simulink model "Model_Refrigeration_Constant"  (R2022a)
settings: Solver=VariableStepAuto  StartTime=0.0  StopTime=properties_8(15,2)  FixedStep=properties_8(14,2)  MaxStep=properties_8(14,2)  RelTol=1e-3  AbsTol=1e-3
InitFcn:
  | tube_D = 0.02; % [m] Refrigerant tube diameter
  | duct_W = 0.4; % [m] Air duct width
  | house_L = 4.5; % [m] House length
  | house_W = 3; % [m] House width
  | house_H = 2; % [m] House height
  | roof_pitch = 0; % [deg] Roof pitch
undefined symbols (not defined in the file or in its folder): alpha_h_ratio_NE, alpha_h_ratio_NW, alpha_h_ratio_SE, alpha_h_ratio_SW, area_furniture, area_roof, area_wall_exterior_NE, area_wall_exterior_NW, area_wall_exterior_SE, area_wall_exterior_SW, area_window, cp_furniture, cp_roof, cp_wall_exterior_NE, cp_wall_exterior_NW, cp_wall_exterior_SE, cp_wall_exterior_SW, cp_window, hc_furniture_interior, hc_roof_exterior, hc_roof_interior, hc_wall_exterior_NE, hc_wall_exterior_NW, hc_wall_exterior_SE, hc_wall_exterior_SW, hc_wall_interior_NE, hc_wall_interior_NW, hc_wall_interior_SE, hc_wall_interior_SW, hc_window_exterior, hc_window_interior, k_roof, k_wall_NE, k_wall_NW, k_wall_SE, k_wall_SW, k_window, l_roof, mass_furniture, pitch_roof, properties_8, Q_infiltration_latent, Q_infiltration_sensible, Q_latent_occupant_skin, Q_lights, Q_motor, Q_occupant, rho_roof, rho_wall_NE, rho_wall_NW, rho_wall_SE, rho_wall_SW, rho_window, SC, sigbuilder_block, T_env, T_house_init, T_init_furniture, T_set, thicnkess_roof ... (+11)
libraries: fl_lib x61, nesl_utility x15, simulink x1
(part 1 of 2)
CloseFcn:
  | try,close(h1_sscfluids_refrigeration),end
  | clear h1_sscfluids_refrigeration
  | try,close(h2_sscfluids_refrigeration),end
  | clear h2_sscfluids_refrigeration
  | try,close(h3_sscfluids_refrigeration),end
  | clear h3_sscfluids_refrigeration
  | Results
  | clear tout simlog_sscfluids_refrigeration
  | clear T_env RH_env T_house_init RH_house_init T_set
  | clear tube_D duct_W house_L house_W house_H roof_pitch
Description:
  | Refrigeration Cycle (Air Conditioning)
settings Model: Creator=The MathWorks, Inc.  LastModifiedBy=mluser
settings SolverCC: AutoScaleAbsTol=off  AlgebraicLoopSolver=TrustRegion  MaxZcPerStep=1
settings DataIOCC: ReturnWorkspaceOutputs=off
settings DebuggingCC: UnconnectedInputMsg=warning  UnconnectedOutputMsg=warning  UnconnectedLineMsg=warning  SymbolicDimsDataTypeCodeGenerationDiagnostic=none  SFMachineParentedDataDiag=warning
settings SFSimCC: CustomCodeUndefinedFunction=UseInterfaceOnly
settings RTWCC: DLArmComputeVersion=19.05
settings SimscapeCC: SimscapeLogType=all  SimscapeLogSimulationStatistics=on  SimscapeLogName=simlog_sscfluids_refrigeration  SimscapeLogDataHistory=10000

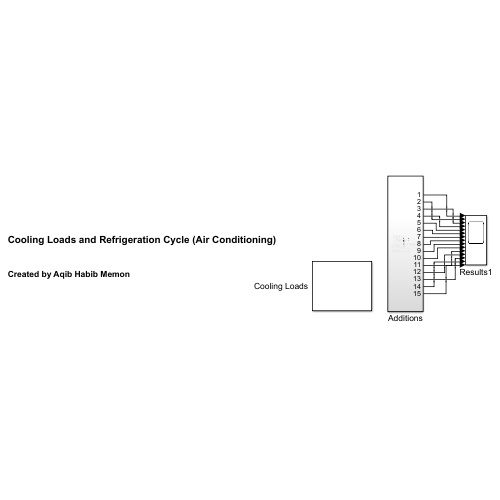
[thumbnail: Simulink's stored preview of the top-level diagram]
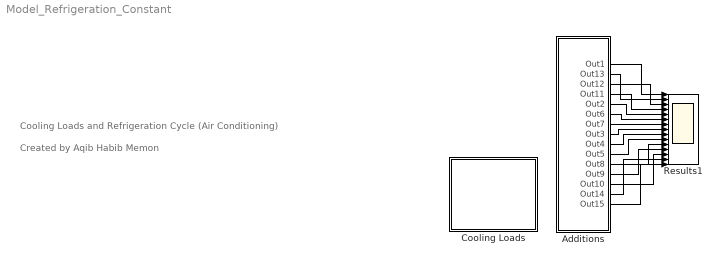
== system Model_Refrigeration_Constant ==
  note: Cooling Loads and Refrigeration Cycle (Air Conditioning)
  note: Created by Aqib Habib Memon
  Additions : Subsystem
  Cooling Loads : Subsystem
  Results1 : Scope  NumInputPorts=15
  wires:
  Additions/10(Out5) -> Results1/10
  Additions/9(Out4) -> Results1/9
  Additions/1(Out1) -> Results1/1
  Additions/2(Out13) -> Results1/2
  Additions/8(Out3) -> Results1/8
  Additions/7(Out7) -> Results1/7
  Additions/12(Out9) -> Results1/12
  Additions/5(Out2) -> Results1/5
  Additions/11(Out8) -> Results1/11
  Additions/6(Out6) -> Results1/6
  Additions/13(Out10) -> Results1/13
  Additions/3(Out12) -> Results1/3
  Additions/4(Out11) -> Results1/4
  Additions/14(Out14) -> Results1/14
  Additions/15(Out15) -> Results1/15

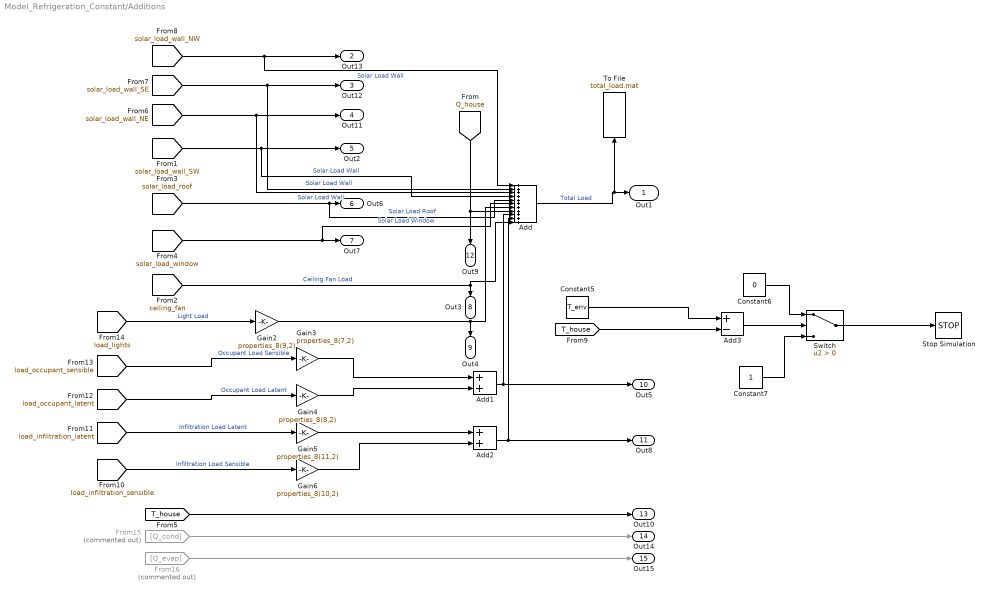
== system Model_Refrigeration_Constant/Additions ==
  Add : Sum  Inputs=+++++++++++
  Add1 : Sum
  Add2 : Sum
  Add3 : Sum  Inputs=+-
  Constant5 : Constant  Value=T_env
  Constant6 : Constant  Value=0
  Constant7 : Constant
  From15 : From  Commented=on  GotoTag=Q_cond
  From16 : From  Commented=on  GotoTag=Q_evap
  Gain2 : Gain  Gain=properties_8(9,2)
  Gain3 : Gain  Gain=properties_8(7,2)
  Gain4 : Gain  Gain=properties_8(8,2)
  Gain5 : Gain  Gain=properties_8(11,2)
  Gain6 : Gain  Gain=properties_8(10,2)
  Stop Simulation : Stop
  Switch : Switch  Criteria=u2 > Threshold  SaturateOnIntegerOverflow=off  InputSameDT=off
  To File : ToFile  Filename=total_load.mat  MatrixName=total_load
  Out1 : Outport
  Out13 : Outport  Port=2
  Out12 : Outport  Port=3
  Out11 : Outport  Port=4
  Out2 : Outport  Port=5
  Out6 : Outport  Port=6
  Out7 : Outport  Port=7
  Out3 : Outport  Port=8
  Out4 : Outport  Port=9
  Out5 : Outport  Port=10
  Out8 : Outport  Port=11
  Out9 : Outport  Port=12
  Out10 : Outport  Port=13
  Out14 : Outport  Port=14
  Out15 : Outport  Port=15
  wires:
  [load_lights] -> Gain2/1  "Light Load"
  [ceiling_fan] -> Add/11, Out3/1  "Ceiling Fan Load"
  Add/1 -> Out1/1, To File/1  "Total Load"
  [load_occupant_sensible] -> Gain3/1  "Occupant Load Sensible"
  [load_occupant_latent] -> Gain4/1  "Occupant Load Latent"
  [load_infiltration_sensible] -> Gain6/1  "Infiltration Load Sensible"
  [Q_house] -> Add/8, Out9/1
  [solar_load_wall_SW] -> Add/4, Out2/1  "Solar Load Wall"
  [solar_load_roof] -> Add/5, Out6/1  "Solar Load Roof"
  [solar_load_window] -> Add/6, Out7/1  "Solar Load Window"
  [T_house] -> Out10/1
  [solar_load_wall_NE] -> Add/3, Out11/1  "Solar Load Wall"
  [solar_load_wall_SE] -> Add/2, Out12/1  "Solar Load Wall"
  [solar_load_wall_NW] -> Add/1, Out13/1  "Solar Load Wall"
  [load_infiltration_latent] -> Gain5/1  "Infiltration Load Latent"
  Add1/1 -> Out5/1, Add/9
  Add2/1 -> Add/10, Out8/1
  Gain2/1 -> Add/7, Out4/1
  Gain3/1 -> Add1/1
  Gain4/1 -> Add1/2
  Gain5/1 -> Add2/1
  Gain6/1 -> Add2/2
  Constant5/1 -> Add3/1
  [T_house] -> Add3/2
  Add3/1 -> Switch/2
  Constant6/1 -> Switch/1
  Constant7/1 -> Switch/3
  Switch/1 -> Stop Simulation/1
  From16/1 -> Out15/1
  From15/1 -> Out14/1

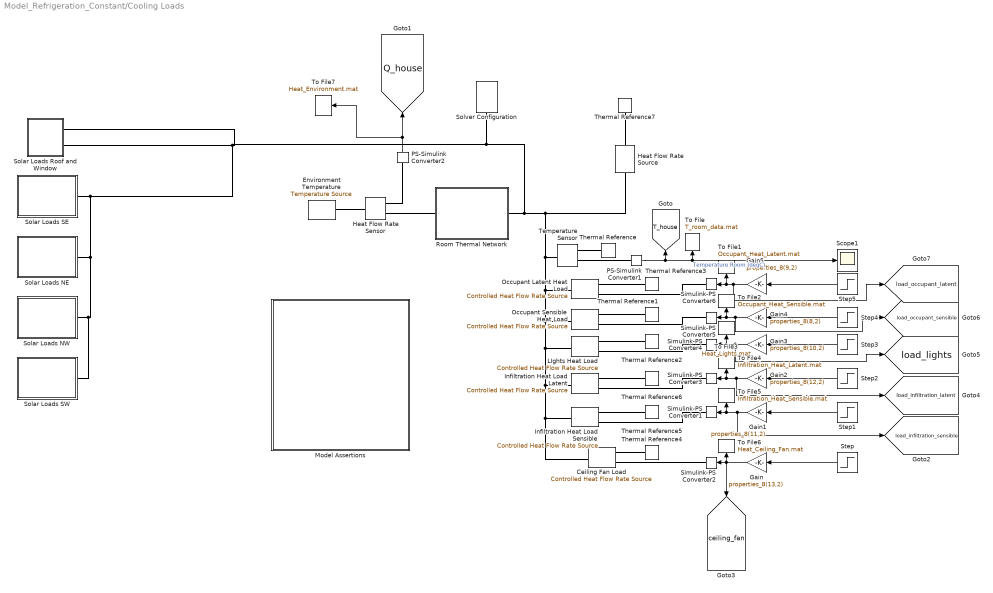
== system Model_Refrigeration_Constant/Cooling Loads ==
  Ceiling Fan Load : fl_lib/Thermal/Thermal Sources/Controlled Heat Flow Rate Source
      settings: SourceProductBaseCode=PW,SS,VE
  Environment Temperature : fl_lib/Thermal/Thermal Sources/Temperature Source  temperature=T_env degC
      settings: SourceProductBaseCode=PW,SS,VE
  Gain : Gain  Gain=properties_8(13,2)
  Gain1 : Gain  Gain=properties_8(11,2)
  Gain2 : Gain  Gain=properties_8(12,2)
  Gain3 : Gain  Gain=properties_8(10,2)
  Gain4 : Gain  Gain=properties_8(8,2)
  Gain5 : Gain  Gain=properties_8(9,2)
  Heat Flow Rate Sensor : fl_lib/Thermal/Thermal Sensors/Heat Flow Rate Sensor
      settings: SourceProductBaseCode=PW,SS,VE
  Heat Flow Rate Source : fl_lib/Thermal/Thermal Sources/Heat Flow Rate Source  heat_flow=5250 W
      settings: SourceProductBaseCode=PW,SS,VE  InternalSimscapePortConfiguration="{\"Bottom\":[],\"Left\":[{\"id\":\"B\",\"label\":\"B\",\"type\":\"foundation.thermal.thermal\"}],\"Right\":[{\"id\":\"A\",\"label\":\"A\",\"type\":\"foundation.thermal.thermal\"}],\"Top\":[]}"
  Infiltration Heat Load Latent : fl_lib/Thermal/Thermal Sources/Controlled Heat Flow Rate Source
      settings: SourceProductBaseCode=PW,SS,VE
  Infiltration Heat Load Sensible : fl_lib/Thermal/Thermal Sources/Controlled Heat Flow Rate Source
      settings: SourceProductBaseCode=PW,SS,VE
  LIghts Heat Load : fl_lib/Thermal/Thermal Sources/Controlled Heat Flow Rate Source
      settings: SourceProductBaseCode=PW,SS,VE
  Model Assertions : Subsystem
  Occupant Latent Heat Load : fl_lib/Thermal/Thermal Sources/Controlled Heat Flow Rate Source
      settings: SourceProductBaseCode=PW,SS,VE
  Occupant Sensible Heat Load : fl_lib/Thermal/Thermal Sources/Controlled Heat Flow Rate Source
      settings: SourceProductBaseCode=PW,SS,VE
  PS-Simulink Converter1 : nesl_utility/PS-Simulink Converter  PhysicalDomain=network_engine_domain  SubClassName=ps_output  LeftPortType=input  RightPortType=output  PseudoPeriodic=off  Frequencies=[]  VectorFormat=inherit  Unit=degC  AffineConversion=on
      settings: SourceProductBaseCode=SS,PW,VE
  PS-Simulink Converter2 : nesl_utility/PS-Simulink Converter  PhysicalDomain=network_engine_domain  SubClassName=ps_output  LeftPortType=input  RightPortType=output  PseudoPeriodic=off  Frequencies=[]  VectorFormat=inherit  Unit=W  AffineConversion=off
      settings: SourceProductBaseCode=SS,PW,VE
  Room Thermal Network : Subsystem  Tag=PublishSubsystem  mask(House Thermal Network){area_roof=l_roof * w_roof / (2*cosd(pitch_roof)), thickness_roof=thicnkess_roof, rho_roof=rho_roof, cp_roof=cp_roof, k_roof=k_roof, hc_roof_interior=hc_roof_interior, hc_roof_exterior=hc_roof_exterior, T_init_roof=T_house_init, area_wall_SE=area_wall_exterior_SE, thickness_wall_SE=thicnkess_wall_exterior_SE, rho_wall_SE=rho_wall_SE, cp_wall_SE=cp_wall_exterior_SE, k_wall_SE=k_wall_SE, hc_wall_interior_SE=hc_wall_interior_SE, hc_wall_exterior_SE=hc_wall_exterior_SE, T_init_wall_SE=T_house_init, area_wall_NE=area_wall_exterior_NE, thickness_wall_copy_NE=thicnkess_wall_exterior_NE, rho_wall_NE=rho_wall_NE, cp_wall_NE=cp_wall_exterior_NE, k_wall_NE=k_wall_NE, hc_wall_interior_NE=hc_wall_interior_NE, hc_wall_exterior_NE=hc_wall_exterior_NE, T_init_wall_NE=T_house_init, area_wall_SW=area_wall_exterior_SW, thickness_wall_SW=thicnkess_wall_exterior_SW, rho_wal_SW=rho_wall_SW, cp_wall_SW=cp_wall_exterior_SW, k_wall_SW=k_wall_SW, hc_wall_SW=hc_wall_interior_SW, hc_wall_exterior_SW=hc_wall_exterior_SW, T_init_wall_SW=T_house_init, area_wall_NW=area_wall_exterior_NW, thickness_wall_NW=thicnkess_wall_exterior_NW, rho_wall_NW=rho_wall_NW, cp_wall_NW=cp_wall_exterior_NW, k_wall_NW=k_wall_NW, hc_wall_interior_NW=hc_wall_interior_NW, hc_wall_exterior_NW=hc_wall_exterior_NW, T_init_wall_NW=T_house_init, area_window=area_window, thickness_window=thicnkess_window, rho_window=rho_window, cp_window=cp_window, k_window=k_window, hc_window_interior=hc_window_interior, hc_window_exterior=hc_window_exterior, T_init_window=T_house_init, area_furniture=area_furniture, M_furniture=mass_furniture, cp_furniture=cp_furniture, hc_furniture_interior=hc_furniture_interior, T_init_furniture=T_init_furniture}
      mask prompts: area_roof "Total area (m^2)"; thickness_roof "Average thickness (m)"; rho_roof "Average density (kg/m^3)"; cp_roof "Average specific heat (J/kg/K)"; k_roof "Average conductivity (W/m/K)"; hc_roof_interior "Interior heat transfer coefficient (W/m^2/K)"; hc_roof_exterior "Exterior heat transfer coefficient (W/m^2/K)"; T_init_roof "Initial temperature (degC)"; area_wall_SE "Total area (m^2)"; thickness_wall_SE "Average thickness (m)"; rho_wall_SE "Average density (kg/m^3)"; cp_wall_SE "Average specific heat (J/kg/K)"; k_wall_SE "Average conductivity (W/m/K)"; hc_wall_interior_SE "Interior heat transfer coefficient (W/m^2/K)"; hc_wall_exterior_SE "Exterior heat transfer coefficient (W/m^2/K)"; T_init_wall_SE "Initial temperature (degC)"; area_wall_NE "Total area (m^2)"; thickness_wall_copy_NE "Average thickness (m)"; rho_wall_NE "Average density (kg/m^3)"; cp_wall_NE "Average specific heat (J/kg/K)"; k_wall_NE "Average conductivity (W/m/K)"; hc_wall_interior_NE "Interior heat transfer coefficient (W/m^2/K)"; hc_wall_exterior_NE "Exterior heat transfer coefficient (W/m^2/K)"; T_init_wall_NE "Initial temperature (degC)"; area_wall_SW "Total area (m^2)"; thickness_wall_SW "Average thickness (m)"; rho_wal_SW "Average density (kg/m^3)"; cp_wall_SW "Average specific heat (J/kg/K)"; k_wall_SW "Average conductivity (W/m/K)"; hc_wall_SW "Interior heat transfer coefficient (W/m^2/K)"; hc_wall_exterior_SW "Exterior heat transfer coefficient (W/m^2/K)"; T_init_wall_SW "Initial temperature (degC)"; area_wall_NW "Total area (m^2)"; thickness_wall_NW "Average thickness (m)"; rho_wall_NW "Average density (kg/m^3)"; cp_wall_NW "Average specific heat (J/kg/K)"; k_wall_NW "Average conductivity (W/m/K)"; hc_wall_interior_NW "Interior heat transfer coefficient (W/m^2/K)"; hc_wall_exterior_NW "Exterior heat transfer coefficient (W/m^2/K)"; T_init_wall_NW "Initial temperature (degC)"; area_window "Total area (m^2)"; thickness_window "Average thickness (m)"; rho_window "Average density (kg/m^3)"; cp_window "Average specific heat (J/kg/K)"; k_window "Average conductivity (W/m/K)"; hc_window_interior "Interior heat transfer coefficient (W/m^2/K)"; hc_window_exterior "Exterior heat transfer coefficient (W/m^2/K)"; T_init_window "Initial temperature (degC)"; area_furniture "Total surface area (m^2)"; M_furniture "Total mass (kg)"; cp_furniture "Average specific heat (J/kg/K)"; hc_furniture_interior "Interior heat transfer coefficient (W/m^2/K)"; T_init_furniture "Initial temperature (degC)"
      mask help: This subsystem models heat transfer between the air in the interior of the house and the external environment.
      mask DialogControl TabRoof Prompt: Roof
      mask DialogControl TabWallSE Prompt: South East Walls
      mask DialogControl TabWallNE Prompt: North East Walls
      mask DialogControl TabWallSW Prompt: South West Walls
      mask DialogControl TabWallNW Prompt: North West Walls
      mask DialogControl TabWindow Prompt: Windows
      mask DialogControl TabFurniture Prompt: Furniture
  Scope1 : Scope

### Problem
Although the records above contain pictures, the copy must not; set down exactly the lines from the one with "Constant7/1 -> Switch/3" up to and including the one with "Environment Temperature : fl_lib/Thermal/Thermal".

### Solution to this exercise
  Constant7/1 -> Switch/3
  Switch/1 -> Stop Simulation/1
  From16/1 -> Out15/1
  From15/1 -> Out14/1

== system Model_Refrigeration_Constant/Cooling Loads ==
  Ceiling Fan Load : fl_lib/Thermal/Thermal Sources/Controlled Heat Flow Rate Source
      settings: SourceProductBaseCode=PW,SS,VE
  Environment Temperature : fl_lib/Thermal/Thermal Sources/Temperature Source  temperature=T_env degC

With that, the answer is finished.